- Born: 16 September 1890 Holoshyntsi (now Ternopil Raion, Ternopil Oblast, Ukraine)
- Died: 13 February 1969 (aged 78) New York City
- Education: Kraków Academy of Fine Arts, Jagiellonian University
- Occupations: Painter-monumentalist, iconographer, graphic artist

= Mykhailo Osinchuk =

Ukrainian painter-monumentalist, iconographer, graphic artist (1890–1969)

Mykhailo Osinchuk (Михайло Іванович Осінчук; 16 September 1890 – 13 February 1969) was a Ukrainian painter-monumentalist, iconographer, graphic artist. Professor, member of the Shevchenko Scientific Society, Ukrainian art organizations. Brother of the public figure and doctor Roman Osinchuk.

==Biography==
He was born on 16 September 1890 in the village of Holoshyntsi (now Ternopil Raion, Ternopil Oblast, Ukraine).

In 1910 he graduated from the Ternopil Ukrainian Gymnasium. In 1910–1914, he studied at the Kraków Academy of Fine Arts under Y. Pantakevych. He participated in student exhibitions, where he received medals and prizes. Simultaneously with his studies at the Academy, he deepened his knowledge at the Faculty of Philosophy of the Jagiellonian University.

With the outbreak of the World War I, he was forced to interrupt his studies. In 1917–1918 he continued his studies at the university. From November 1918, he served as a cartographer at the Secretariat of Internal Affairs of the ZUNR in Stanyslaviv (now Ivano-Frankivsk), and was in the ranks of the Ukrainian Galician Army (lieutenant) and the Ukrainian People's Army. In August 1920 he returned home and taught at Ukrainian gymnasiums in Drohobych and Rohatyn.

In 1922, he moved to Lviv and became actively involved in artistic life. In his work, he sought to continue the millennial tradition of Byzantine icons in Ukraine, which was interrupted by nineteenth-century realists. At the same time, he tried to avoid repeating and copying old models and create new forms of iconography based on traditional Ukrainian folk art. He spent some time in Greece, where he learned the technology of tempera painting, and traveled to Turkey, Italy, and France.

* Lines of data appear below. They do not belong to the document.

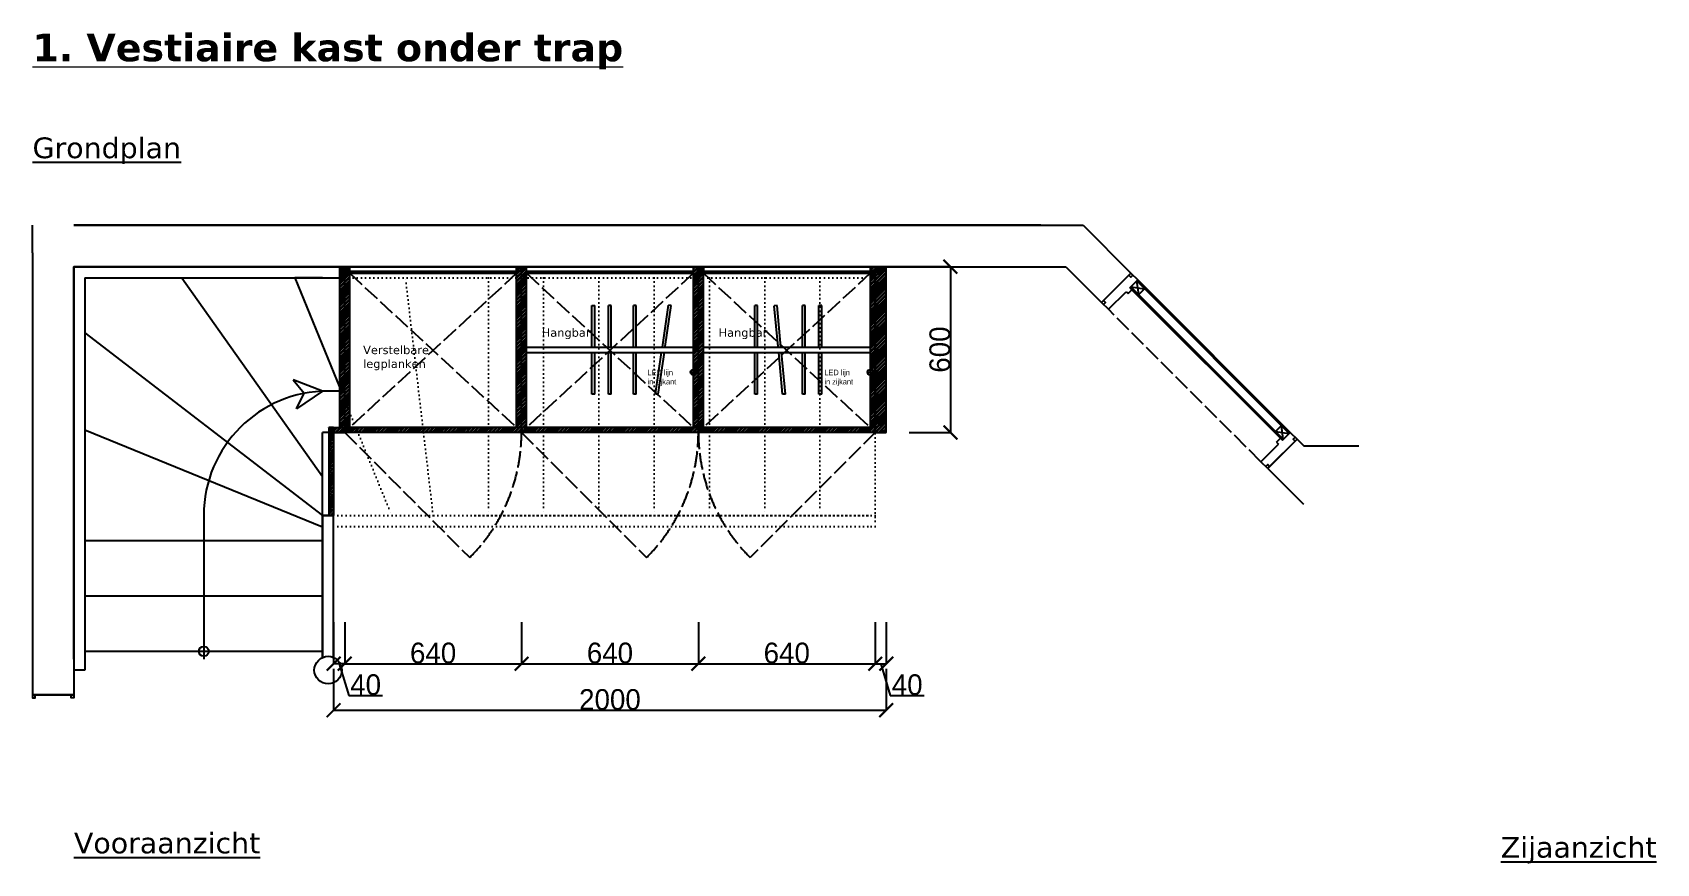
# Model space of a CAD drawing. Header units: millimetres. Extents: x -153917 to -31303, y -39726 to 31262.
# Drawn here: x -85026 to -79148, y -17965 to -14958 of the extents above; entities that cross this region are included whole.
import ezdxf

# ---------------------------------------------------------------- set-up
doc = ezdxf.new("R2010")
doc.units = ezdxf.units.MM
doc.header["$LTSCALE"] = 5
doc.linetypes.add('ACAD_ISO02W100', pattern=[15, 12, -3])
doc.linetypes.add('ACAD_ISO07W100', pattern=[3, 0, -3])
for name, color, linetype in [('Bemating', 1, 'Continuous'), ('Deuren', 8, 'Continuous'), ('invulling muren', 252, 'Continuous'), ('Meubel', 8, 'Continuous'), ('Meubels', 8, 'Continuous'), ('muren', 7, 'Continuous'), ('Tekst', 7, 'Continuous'), ('trap', 8, 'Continuous'), ('Verlichting', 1, 'Continuous')]:
    doc.layers.add(name, color=color, linetype=linetype)
doc.layers.add('Nummering schrijnwerkerij', color=80, linetype='Continuous', lineweight=0)
doc.styles.add('Geneva', font='')
doc.styles.get('Geneva').set_extended_font_data('Geneva')
doc.dimstyles.new('ISO-25', dxfattribs={"dimtxt": 100, "dimasz": 25, "dimexe": 1.25, "dimexo": 0.625, "dimtad": 1, "dimtxsty": 'Standard', "dimblk": 'ARCHTICK', "dimcen": 2.5, "dimse1": 1, "dimse2": 1, "dimadec": 0, "dimazin": 0, "dimtfac": 1, "dimtmove": 0, "dimatfit": 3, "dimfxl": 1, "dimarcsym": 0})

# ---------------------------------------------------------------- blocks, each defined once
blk = doc.blocks.new('_ArchTick')
at = {"color": 0, "linetype": 'ByBlock', "const_width": 0.15}
blk.add_lwpolyline([(-0.5, -0.5), (0.5, 0.5)], dxfattribs=at)
blk = doc.blocks.new('*D658')
at = {"layer": 'Bemating', "color": 0, "lineweight": -2, "transparency": 16777216}
for p, q in [((-81853.4, -15805.6), (-81702.1, -15805.6)), ((-81703.4, -15805.6), (-81703.4, -16405.6)), ((-81853.4, -16405.6), (-81702.1, -16405.6))]:
    blk.add_line(p, q, dxfattribs=at)
at = {"layer": 'Defpoints', "color": 0, "transparency": 16777216}
for p in [(-82068.3, -15805.6), (-82068.3, -16405.6), (-81703.4, -16405.6)]:
    blk.add_point(p, dxfattribs=at)
at = {"layer": 'Bemating', "color": 0, "lineweight": -2, "transparency": 16777216, "xscale": 50, "yscale": 50, "zscale": 50}
for p, rotation in [((-81703.4, -15805.6), 90), ((-81703.4, -16405.6), 270)]:
    blk.add_blockref('_ArchTick', p, dxfattribs=dict(at, rotation=rotation))
at = {"layer": 'Bemating', "color": 0, "transparency": 16777216, "insert": (-81741.5, -16105.6), "char_height": 75, "attachment_point": 5, "rotation": 90, "style": 'Geneva'}
blk.add_mtext('600', dxfattribs=at)
blk = doc.blocks.new('*D659')
at = {"layer": 'Bemating', "color": 0, "lineweight": -2, "transparency": 16777216}
for p, q in [((-83935.8, -17260.6), (-83935.8, -17411.8)), ((-81935.8, -17260.6), (-81935.8, -17411.8)), ((-83935.8, -17410.6), (-81935.8, -17410.6))]:
    blk.add_line(p, q, dxfattribs=at)
at = {"layer": 'Defpoints', "color": 0, "transparency": 16777216}
for p in [(-83935.8, -16405.6), (-81935.8, -16405.6), (-81935.8, -17410.6)]:
    blk.add_point(p, dxfattribs=at)
at = {"layer": 'Bemating', "color": 0, "lineweight": -2, "transparency": 16777216, "xscale": 50, "yscale": 50, "zscale": 50, "rotation": 180}
blk.add_blockref('_ArchTick', (-83935.8, -17410.6), dxfattribs=at)
at = {"layer": 'Bemating', "color": 0, "lineweight": -2, "transparency": 16777216, "xscale": 50, "yscale": 50, "zscale": 50}
blk.add_blockref('_ArchTick', (-81935.8, -17410.6), dxfattribs=at)
at = {"layer": 'Bemating', "color": 0, "transparency": 16777216, "insert": (-82935.8, -17372.5), "char_height": 75, "attachment_point": 5, "style": 'Geneva'}
blk.add_mtext('2000', dxfattribs=at)
blk = doc.blocks.new('*D660')
at = {"layer": 'Bemating', "color": 0, "lineweight": -2, "transparency": 16777216}
for p, q in [((-83895.8, -17092.3), (-83895.8, -17243.5)), ((-83255.8, -17092.3), (-83255.8, -17243.5)), ((-83895.8, -17242.3), (-83255.8, -17242.3))]:
    blk.add_line(p, q, dxfattribs=at)
at = {"layer": 'Defpoints', "color": 0, "transparency": 16777216}
for p in [(-83895.8, -16405.6), (-83255.8, -16405.6), (-83255.8, -17242.3)]:
    blk.add_point(p, dxfattribs=at)
at = {"layer": 'Bemating', "color": 0, "lineweight": -2, "transparency": 16777216, "xscale": 50, "yscale": 50, "zscale": 50, "rotation": 180}
blk.add_blockref('_ArchTick', (-83895.8, -17242.3), dxfattribs=at)
at = {"layer": 'Bemating', "color": 0, "lineweight": -2, "transparency": 16777216, "xscale": 50, "yscale": 50, "zscale": 50}
blk.add_blockref('_ArchTick', (-83255.8, -17242.3), dxfattribs=at)
at = {"layer": 'Bemating', "color": 0, "transparency": 16777216, "insert": (-83575.8, -17204.1), "char_height": 75, "attachment_point": 5, "style": 'Geneva'}
blk.add_mtext('640', dxfattribs=at)
blk = doc.blocks.new('*D661')
at = {"layer": 'Bemating', "color": 0, "lineweight": -2, "transparency": 16777216}
for p, q in [((-83255.8, -17092.3), (-83255.8, -17243.5)), ((-82615.8, -17092.3), (-82615.8, -17243.5)), ((-83255.8, -17242.3), (-82615.8, -17242.3))]:
    blk.add_line(p, q, dxfattribs=at)
at = {"layer": 'Defpoints', "color": 0, "transparency": 16777216}
for p in [(-83255.8, -16405.6), (-82615.8, -16405.6), (-82615.8, -17242.3)]:
    blk.add_point(p, dxfattribs=at)
at = {"layer": 'Bemating', "color": 0, "lineweight": -2, "transparency": 16777216, "xscale": 50, "yscale": 50, "zscale": 50, "rotation": 180}
blk.add_blockref('_ArchTick', (-83255.8, -17242.3), dxfattribs=at)
at = {"layer": 'Bemating', "color": 0, "lineweight": -2, "transparency": 16777216, "xscale": 50, "yscale": 50, "zscale": 50}
blk.add_blockref('_ArchTick', (-82615.8, -17242.3), dxfattribs=at)
at = {"layer": 'Bemating', "color": 0, "transparency": 16777216, "insert": (-82935.8, -17204.1), "char_height": 75, "attachment_point": 5, "style": 'Geneva'}
blk.add_mtext('640', dxfattribs=at)
blk = doc.blocks.new('*D662')
at = {"layer": 'Bemating', "color": 0, "lineweight": -2, "transparency": 16777216}
for p, q in [((-82615.8, -17092.3), (-82615.8, -17243.5)), ((-81975.8, -17092.3), (-81975.8, -17243.5)), ((-82615.8, -17242.3), (-81975.8, -17242.3))]:
    blk.add_line(p, q, dxfattribs=at)
at = {"layer": 'Defpoints', "color": 0, "transparency": 16777216}
for p in [(-82615.8, -16405.6), (-81975.8, -16405.6), (-81975.8, -17242.3)]:
    blk.add_point(p, dxfattribs=at)
at = {"layer": 'Bemating', "color": 0, "lineweight": -2, "transparency": 16777216, "xscale": 50, "yscale": 50, "zscale": 50, "rotation": 180}
blk.add_blockref('_ArchTick', (-82615.8, -17242.3), dxfattribs=at)
at = {"layer": 'Bemating', "color": 0, "lineweight": -2, "transparency": 16777216, "xscale": 50, "yscale": 50, "zscale": 50}
blk.add_blockref('_ArchTick', (-81975.8, -17242.3), dxfattribs=at)
at = {"layer": 'Bemating', "color": 0, "transparency": 16777216, "insert": (-82295.8, -17204.1), "char_height": 75, "attachment_point": 5, "style": 'Geneva'}
blk.add_mtext('640', dxfattribs=at)
blk = doc.blocks.new('*D663')
at = {"layer": 'Bemating', "color": 0, "lineweight": -2, "transparency": 16777216}
for p, q in [((-81975.8, -17092.3), (-81975.8, -17243.5)), ((-81935.8, -17092.3), (-81935.8, -17243.5)), ((-81975.8, -17242.3), (-81935.8, -17242.3)), ((-81955.8, -17242.3), (-81921.4, -17357)), ((-81921.4, -17357), (-81798.7, -17357))]:
    blk.add_line(p, q, dxfattribs=at)
at = {"layer": 'Defpoints', "color": 0, "transparency": 16777216}
for p in [(-81975.8, -16405.6), (-81935.8, -16405.6), (-81935.8, -17242.3)]:
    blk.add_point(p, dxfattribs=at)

In collaboration with Pavlo Kovzhun, he created church polychromies in the Ukrainian Byzantine style in twelve churches in Galicia (in the villages of: Ozerna, Sokal, Zashkiv, Dolyna, Myklashiv, Nakonechne, Kalush, Stoianiv, Hrymailiv, and others). In these works, the artist managed to create a new, organically fresh Ukrainian decorative art. Mykhailo Osinchuk participated in the interior decoration of St. George's Cathedral in Lviv. He also designed ten iconostases.

He created illustrations for works by Ukrainian writers and bookplates. In particular, the bookplate to Anna Stefanovych book in 1933 won the prize of the Society of Ukrainian Writers and Journalists in Lviv. In 1935, he published two icons for a peasant's house (the Savior and the Mother of God). Together with his associates, Osinchuk co-founded the Association of Independent Ukrainian Artists and its printed organ, the magazine "Mystetstvo". In September 1939, he became a professor at the Lviv Art Institute.

===Emigration===
In 1944, fearing Stalin's terror, he emigrated to Germany. In the postwar years he lived in New York City. Here he participated in the activities of the Ukrainian Artist's Association in USA, which he founded. M. Osinchuk was elected honorary chairman of the association, he constantly participated in art exhibitions, was a member of many juries and the committee for the construction of the Taras Shevchenko Memorial in Washington. While in exile, he created 4 iconographic polychromies in the United States and 2 in Canada. Over time, he moved away from monumental art and devoted himself to easel painting, creating a series of new icons, portraits and historical compositions. In 1964, a solo exhibition was held in Philadelphia. In 1967, a monograph dedicated to his work entitled "Mykhailo Osinchuk – Painter-Artist" was published in New York.

Mykhailo Osinchuk died on 13 February 1969 in New York City, buried at the Ukrainian Orthodox Cemetery in South Bound Brook.

==Bibliography==
- Osinchuk Mykhailo / H. H. Stelmashchuk // Encyclopedia of Modern Ukraine [Online] / Eds. : I. М. Dziuba, A. I. Zhukovsky, M. H. Zhelezniak [et al.] ; National Academy of Sciences of Ukraine, Shevchenko Scientific Society. – Kyiv : The NASU institute of Encyclopedic Research, 2022.
- Михайло Осінчук (1890—1969)
- Михайло Осічнук: Мистець. Маляр. Нью-Йорк, 1967.